Of course I had ample opportunity to realize I was a parent many times over during the previous ten months. Like say for example, all day long every day, and punctuating every night. But those moments of parental realization were the kind that came as I was responding to daily and hourly exigencies. They were specific, and activity-based. All the new things I was learning how to do. All the emotional skills I was learning to draw upon. On that late afternoon on that swing chair, I had the opportunity to feel a brand new, overarching kind of feeling, and at a visceral level: my life is now worth something new to me, because of its supreme worth to another. I cannot die early, I thought to myself, because my daughter needs me to outlive her childhood.

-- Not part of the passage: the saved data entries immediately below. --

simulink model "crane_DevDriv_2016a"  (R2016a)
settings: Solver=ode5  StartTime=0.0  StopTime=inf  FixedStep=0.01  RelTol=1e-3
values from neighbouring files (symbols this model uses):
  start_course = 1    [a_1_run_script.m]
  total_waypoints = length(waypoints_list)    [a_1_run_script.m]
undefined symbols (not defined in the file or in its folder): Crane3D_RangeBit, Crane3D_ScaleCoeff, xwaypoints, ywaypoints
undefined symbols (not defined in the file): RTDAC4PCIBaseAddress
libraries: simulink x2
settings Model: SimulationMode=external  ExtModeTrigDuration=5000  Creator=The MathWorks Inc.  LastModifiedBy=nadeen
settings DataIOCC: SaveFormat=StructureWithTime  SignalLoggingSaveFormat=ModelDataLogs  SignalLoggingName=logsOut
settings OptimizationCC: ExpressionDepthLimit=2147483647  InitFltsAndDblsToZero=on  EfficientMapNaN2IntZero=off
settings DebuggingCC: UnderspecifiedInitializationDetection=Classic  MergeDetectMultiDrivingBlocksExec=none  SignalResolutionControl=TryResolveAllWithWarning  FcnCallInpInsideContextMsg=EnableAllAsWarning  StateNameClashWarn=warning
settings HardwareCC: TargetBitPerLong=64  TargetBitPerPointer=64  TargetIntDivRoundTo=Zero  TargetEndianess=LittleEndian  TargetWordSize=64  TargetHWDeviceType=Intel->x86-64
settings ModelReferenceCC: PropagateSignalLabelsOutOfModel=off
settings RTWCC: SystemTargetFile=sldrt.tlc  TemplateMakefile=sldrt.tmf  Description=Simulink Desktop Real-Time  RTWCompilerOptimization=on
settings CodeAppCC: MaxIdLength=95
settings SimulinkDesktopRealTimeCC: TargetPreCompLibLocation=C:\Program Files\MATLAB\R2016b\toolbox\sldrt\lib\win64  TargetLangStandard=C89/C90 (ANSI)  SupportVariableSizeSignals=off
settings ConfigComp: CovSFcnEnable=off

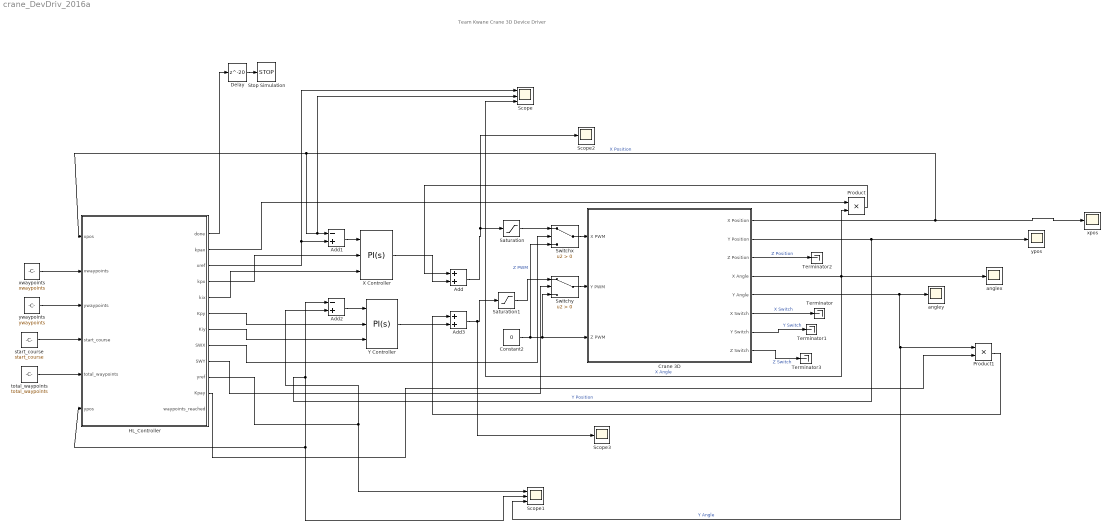
== system crane_DevDriv_2016a ==
  note: Team Kwane Crane 3D Device Driver
  Add : Sum
  Add1 : Sum  Inputs=-+
  Add2 : Sum  Inputs=-+
  Add3 : Sum
  Constant2 : Constant  Value=0
  Crane 3D : Subsystem  mask{BaseAddress=RTDAC4PCIBaseAddress, T0=0.01}
      mask prompts: BaseAddress "Base Address:"; T0 "Samping Period:"
      mask Display: image(imread('crane.jpeg'))
  Delay : Delay  DelayLength=20
  HL_Controller : Stateflow chart  TreatAsAtomicUnit=on
      settings: PermitHierarchicalResolution=ParametersOnly
  Product : Product
  Product1 : Product
  Saturation : Saturate  UpperLimit=0.8  LowerLimit=-0.8
  Saturation1 : Saturate  UpperLimit=0.8  LowerLimit=-0.8
  Scope : Scope  NumInputPorts=3
  Scope1 : Scope  NumInputPorts=3
  Scope2 : Scope
  Scope3 : Scope
  Stop Simulation : Stop
  Switchx : Switch  Criteria=u2 > Threshold
  Switchy : Switch  Criteria=u2 > Threshold
  Terminator{,1..3} (4 alike) : Terminator
  X Controller : simulink/Continuous/PID Controller  Controller=PI  TimeDomain=Continuous-time  SampleTime=-1  IntegratorMethod=Forward Euler  FilterMethod=Forward Euler  Form=Parallel  UseFilter=on  ControllerParametersSource=external  P=1  I=1  D=0  N=100  InitialConditionSource=internal  InitialConditionForIntegrator=0  InitialConditionForFilter=0  ExternalReset=none  LimitOutput=off  UpperSaturationLimit=inf  LowerSaturationLimit=-inf  LinearizeAsGain=on  AntiWindupMode=none  Kb=1  TrackingMode=off  Kt=1  PParamMin=[]  PParamMax=[]  IParamMin=[]  IParamMax=[]  DParamMin=[]  DParamMax=[]  NParamMin=[]  NParamMax=[]  KbParamMin=[]  KbParamMax=[]  KtParamMin=[]  KtParamMax=[]  POutMin=[]  POutMax=[]  IOutMin=[]  IOutMax=[]  DOutMin=[]  DOutMax=[]  NOutMin=[]  NOutMax=[]  KbOutMin=[]  KbOutMax=[]  KtOutMin=[]  KtOutMax=[]  IntegratorOutMin=[]  IntegratorOutMax=[]  FilterOutMin=[]  FilterOutMax=[]  SumOutMin=[]  SumOutMax=[]  SumI1OutMin=[]  SumI1OutMax=[]  SumI2OutMin=[]  SumI2OutMax=[]  SumI3OutMin=[]  SumI3OutMax=[]  SumDOutMin=[]  SumDOutMax=[]  SaturationOutMin=[]  SaturationOutMax=[]  IntegratorContinuousStateAttributes=''  IntegratorStateMustResolveToSignalObject=off  IntegratorRTWStateStorageClass=Auto  FilterContinuousStateAttributes=''  FilterStateMustResolveToSignalObject=off  FilterRTWStateStorageClass=Auto  DifferentiatorICPrevScaledInput=0  DifferentiatorOutMin=[]  DifferentiatorOutMax=[]
  Y Controller : simulink/Continuous/PID Controller  Controller=PI  TimeDomain=Continuous-time  SampleTime=-1  IntegratorMethod=Forward Euler  FilterMethod=Forward Euler  Form=Parallel  UseFilter=on  ControllerParametersSource=external  P=1  I=1  D=0  N=100  InitialConditionSource=internal  InitialConditionForIntegrator=0  InitialConditionForFilter=0  ExternalReset=none  LimitOutput=off  UpperSaturationLimit=inf  LowerSaturationLimit=-inf  LinearizeAsGain=on  AntiWindupMode=none  Kb=1  TrackingMode=off  Kt=1  PParamMin=[]  PParamMax=[]  IParamMin=[]  IParamMax=[]  DParamMin=[]  DParamMax=[]  NParamMin=[]  NParamMax=[]  KbParamMin=[]  KbParamMax=[]  KtParamMin=[]  KtParamMax=[]  POutMin=[]  POutMax=[]  IOutMin=[]  IOutMax=[]  DOutMin=[]  DOutMax=[]  NOutMin=[]  NOutMax=[]  KbOutMin=[]  KbOutMax=[]  KtOutMin=[]  KtOutMax=[]  IntegratorOutMin=[]  IntegratorOutMax=[]  FilterOutMin=[]  FilterOutMax=[]  SumOutMin=[]  SumOutMax=[]  SumI1OutMin=[]  SumI1OutMax=[]  SumI2OutMin=[]  SumI2OutMax=[]  SumI3OutMin=[]  SumI3OutMax=[]  SumDOutMin=[]  SumDOutMax=[]  SaturationOutMin=[]  SaturationOutMax=[]  IntegratorContinuousStateAttributes=''  IntegratorStateMustResolveToSignalObject=off  IntegratorRTWStateStorageClass=Auto  FilterContinuousStateAttributes=''  FilterStateMustResolveToSignalObject=off  FilterRTWStateStorageClass=Auto  DifferentiatorICPrevScaledInput=0  DifferentiatorOutMin=[]  DifferentiatorOutMax=[]
  anglex : Scope
  angley : Scope
  start_course : Constant  Value=start_course
  "total_waypoints " : Constant  Value=total_waypoints
  xpos : Scope
  xwaypoints : Constant  Value=xwaypoints
  ypos : Scope
  "ywaypoints " : Constant  Value=ywaypoints
  wires:
  Crane 3D/6(X Switch) -> Terminator/1  "X Switch"
  Crane 3D/7(Y Switch) -> Terminator1/1  "Y Switch"
  Crane 3D/8(Z Switch) -> Terminator3/1  "Z Switch"
  Crane 3D/1(X Position) -> Scope/2, Add1/1, HL_Controller/1(xpos), xpos/1  "X Position"
  Crane 3D/2(Y Position) -> Add2/1, HL_Controller/6(ypos), Scope1/2, ypos/1  "Y Position"
  Crane 3D/3(Z Position) -> Terminator2/1  "Z Position"
  Crane 3D/4(X Angle) -> Product/2, Scope/3, anglex/1  "X Angle"
  Crane 3D/5(Y Angle) -> Scope1/3, Product1/1, angley/1  "Y Angle"
  Constant2/1 -> Switchx/3, Switchy/3, Crane 3D/3(Z PWM)  "Z PWM"
  X Controller/1 -> Add/2
  Product/1 -> Add/1
  HL_Controller/2(kpax) -> Product/1
  Add/1 -> Scope2/1, Saturation/1
  HL_Controller/3(xref) -> Scope/1, Add1/2
  Add1/1 -> X Controller/1
  HL_Controller/10(yref) -> Scope1/1, Add2/2
  HL_Controller/11(Kpay) -> Product1/2
  Product1/1 -> Add3/1
  Add3/1 -> Scope3/1, Saturation1/1
  Y Controller/1 -> Add3/2
  HL_Controller/1(done) -> Delay/1
  Delay/1 -> Stop Simulation/1
  HL_Controller/4(kpx) -> X Controller/2
  HL_Controller/5(kix) -> X Controller/3
  Add2/1 -> Y Controller/1
  HL_Controller/6(Kpy) -> Y Controller/2
  HL_Controller/7(Kiy) -> Y Controller/3
  Saturation/1 -> Switchx/1
  Switchx/1 -> Crane 3D/1(X PWM)
  Saturation1/1 -> Switchy/1
  Switchy/1 -> Crane 3D/2(Y PWM)
  HL_Controller/8(SWX) -> Switchx/2
  HL_Controller/9(SWY) -> Switchy/2
  xwaypoints/1 -> HL_Controller/2(xwaypoints)
  "ywaypoints "/1 -> HL_Controller/3(ywaypoints)
  start_course/1 -> HL_Controller/4(start_course)
  "total_waypoints "/1 -> HL_Controller/5(total_waypoints)

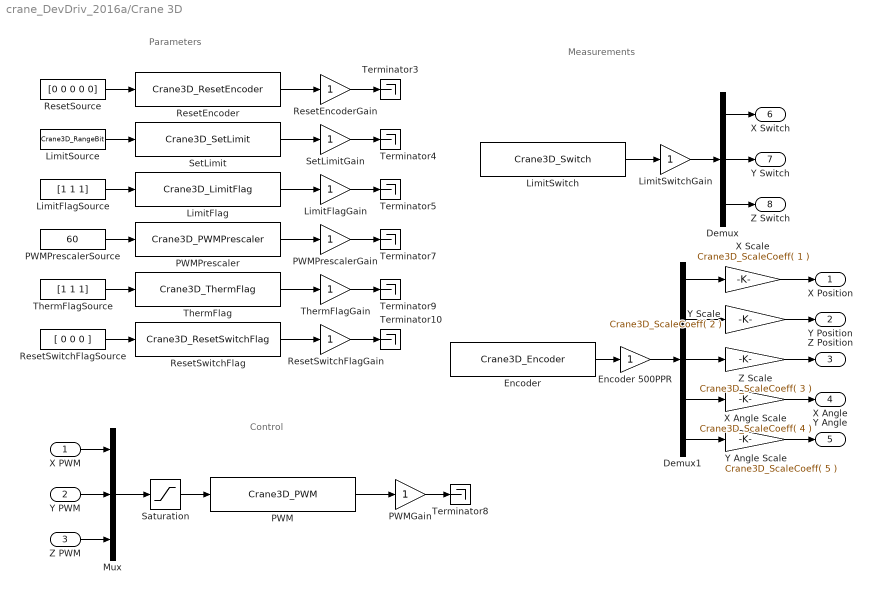
== system crane_DevDriv_2016a/Crane 3D ==
  note: Measurements
  note: Control
  note: Parameters
  X PWM : Inport
  Y PWM : Inport  Port=2
  Z PWM : Inport  Port=3
  Demux : Demux  Outputs=3
  Demux1 : Demux  Outputs=5
  Encoder : S-Function  FunctionName=Crane3D_Encoder  Parameters=BaseAddress, T0  SFunctionDeploymentMode=off  EnableBusSupport=off
  Encoder 500PPR : Gain  SaturateOnIntegerOverflow=on  OutDataTypeStr=Inherit: Same as input  ParamDataTypeStr=Inherit: Same as input
  LimitFlag : S-Function  FunctionName=Crane3D_LimitFlag  Parameters=BaseAddress, T0  SFunctionDeploymentMode=off  EnableBusSupport=off
  LimitFlagGain : Gain  SaturateOnIntegerOverflow=on  OutDataTypeStr=Inherit: Same as input  ParamDataTypeStr=Inherit: Same as input
  LimitFlagSource : Constant  Value=[1 1 1]
  LimitSource : Constant  Value=Crane3D_RangeBit
  LimitSwitch : S-Function  FunctionName=Crane3D_Switch  Parameters=BaseAddress, T0  SFunctionDeploymentMode=off  EnableBusSupport=off
  LimitSwitchGain : Gain  SaturateOnIntegerOverflow=on  OutDataTypeStr=Inherit: Same as input  ParamDataTypeStr=Inherit: Same as input
  Mux : Mux  Inputs=3
  PWM : S-Function  FunctionName=Crane3D_PWM  Parameters=BaseAddress, T0  SFunctionDeploymentMode=off  EnableBusSupport=off
  PWMGain : Gain  SaturateOnIntegerOverflow=on  OutDataTypeStr=Inherit: Same as input  ParamDataTypeStr=Inherit: Same as input
  PWMPrescaler : S-Function  FunctionName=Crane3D_PWMPrescaler  Parameters=BaseAddress, T0  SFunctionDeploymentMode=off  EnableBusSupport=off
  PWMPrescalerGain : Gain  SaturateOnIntegerOverflow=on  OutDataTypeStr=Inherit: Same as input  ParamDataTypeStr=Inherit: Same as input
  PWMPrescalerSource : Constant  Value=60
  ResetEncoder : S-Function  FunctionName=Crane3D_ResetEncoder  Parameters=BaseAddress, T0  SFunctionDeploymentMode=off  EnableBusSupport=off
  ResetEncoderGain : Gain  SaturateOnIntegerOverflow=on  OutDataTypeStr=Inherit: Same as input  ParamDataTypeStr=Inherit: Same as input
  ResetSource : Constant  Value=[0 0 0 0 0]
  "ResetSwitchFlag " : S-Function  FunctionName=Crane3D_ResetSwitchFlag  Parameters=BaseAddress, T0  SFunctionDeploymentMode=off  EnableBusSupport=off
  ResetSwitchFlagGain : Gain  SaturateOnIntegerOverflow=on  OutDataTypeStr=Inherit: Same as input  ParamDataTypeStr=Inherit: Same as input
  ResetSwitchFlagSource : Constant  Value=[ 0 0 0 ]
  Saturation : Saturate  UpperLimit=1  LowerLimit=-1
  SetLimit : S-Function  FunctionName=Crane3D_SetLimit  Parameters=BaseAddress, T0  SFunctionDeploymentMode=off  EnableBusSupport=off
  SetLimitGain : Gain  SaturateOnIntegerOverflow=on  OutDataTypeStr=Inherit: Same as input  ParamDataTypeStr=Inherit: Same as input
  Terminator{3..5,7..10} (7 alike) : Terminator
  "ThermFlag " : S-Function  FunctionName=Crane3D_ThermFlag  Parameters=BaseAddress, T0  SFunctionDeploymentMode=off  EnableBusSupport=off
  ThermFlagGain : Gain  SaturateOnIntegerOverflow=on  OutDataTypeStr=Inherit: Same as input  ParamDataTypeStr=Inherit: Same as input
  ThermFlagSource : Constant  Value=[1 1 1]
  X Angle Scale : Gain  Gain=Crane3D_ScaleCoeff( 4 )  OutDataTypeStr=Inherit: Same as input  ParamDataTypeStr=Inherit: Same as input
  X Scale : Gain  Gain=Crane3D_ScaleCoeff( 1 )  OutDataTypeStr=Inherit: Same as input  ParamDataTypeStr=Inherit: Same as input
  Y Angle Scale : Gain  Gain=Crane3D_ScaleCoeff( 5 )  OutDataTypeStr=Inherit: Same as input  ParamDataTypeStr=Inherit: Same as input
  Y Scale : Gain  Gain=Crane3D_ScaleCoeff( 2 )  OutDataTypeStr=Inherit: Same as input  ParamDataTypeStr=Inherit: Same as input
  Z Scale : Gain  Gain=Crane3D_ScaleCoeff( 3 )  OutDataTypeStr=Inherit: Same as input  ParamDataTypeStr=Inherit: Same as input
  X Position : Outport  InitialOutput=0
  Y Position : Outport  Port=2  InitialOutput=0
  Z Position : Outport  Port=3  InitialOutput=0
  X Angle : Outport  Port=4  InitialOutput=0
  Y Angle : Outport  Port=5  InitialOutput=0
  X Switch : Outport  Port=6  InitialOutput=0
  Y Switch : Outport  Port=7  InitialOutput=0
  Z Switch : Outport  Port=8  InitialOutput=0
  wires:
  Demux1/1 -> X Scale/1
  Demux1/2 -> Y Scale/1
  Demux1/3 -> Z Scale/1
  Demux1/4 -> X Angle Scale/1
  Demux1/5 -> Y Angle Scale/1
  X Angle Scale/1 -> X Angle/1
  Y Angle Scale/1 -> Y Angle/1
  Y Scale/1 -> Y Position/1
  X Scale/1 -> X Position/1
  Z Scale/1 -> Z Position/1
  Demux/3 -> Z Switch/1
  Demux/2 -> Y Switch/1
  Demux/1 -> X Switch/1
  LimitSwitchGain/1 -> Demux/1
  LimitSwitch/1 -> LimitSwitchGain/1
  X PWM/1 -> Mux/1
  Y PWM/1 -> Mux/2
  Z PWM/1 -> Mux/3
  ResetSwitchFlagGain/1 -> Terminator10/1
  ThermFlagGain/1 -> Terminator9/1
  PWMPrescalerGain/1 -> Terminator7/1
  LimitFlagGain/1 -> Terminator5/1
  SetLimitGain/1 -> Terminator4/1
  ResetEncoderGain/1 -> Terminator3/1
  ResetSwitchFlagSource/1 -> "ResetSwitchFlag "/1
  ThermFlagSource/1 -> "ThermFlag "/1
  PWMPrescalerSource/1 -> PWMPrescaler/1
  LimitFlagSource/1 -> LimitFlag/1
  LimitSource/1 -> SetLimit/1
  ResetSource/1 -> ResetEncoder/1
  "ResetSwitchFlag "/1 -> ResetSwitchFlagGain/1
  "ThermFlag "/1 -> ThermFlagGain/1
  PWMPrescaler/1 -> PWMPrescalerGain/1
  LimitFlag/1 -> LimitFlagGain/1
  SetLimit/1 -> SetLimitGain/1
  ResetEncoder/1 -> ResetEncoderGain/1
  PWMGain/1 -> Terminator8/1
  PWM/1 -> PWMGain/1
  Mux/1 -> Saturation/1
  Saturation/1 -> PWM/1
  Encoder/1 -> Encoder 500PPR/1
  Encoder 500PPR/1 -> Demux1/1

There I was, watching the buildings and the people down below and the treetops all blur past me, at a 30 degree angle, realizing: I need to stay here. I need to remain alive, and for a good long time, for at least as long as my mom lasted (thirty years into my life); ideally longer. When the healthy fear of the shabby swing chair machinery began to well up in me, prompted, I’m sure, by increasing Satanic groans, I took long, slow, deep breaths, and then exhaled them in love to Patrick. Thought: in these moments, he is simply alive, swirling on the ride, and that is bringing happiness to him, and that is good. I had no choice but to trust in the machinery for the duration of the ride.

When I got off, I squeezed Patrick around the shoulders, then made a beeline for my daughter, by then a moist lump of warm clay in the stroller. Patrick turned around and took another ride with my beloved now as his wingman. (As it happens, when she returned, she reported the same striking realization.)

Since that afternoon I have been aware of these cautionary thoughts whenever they come — that I must be more careful than usual, say, on my bike, zipping home from work, contemplating a burst of speed through a yellow light. I drive more carefully, when I drive. I drink pomegranate juice, for the anti-oxidants. For my kids. Things are different now.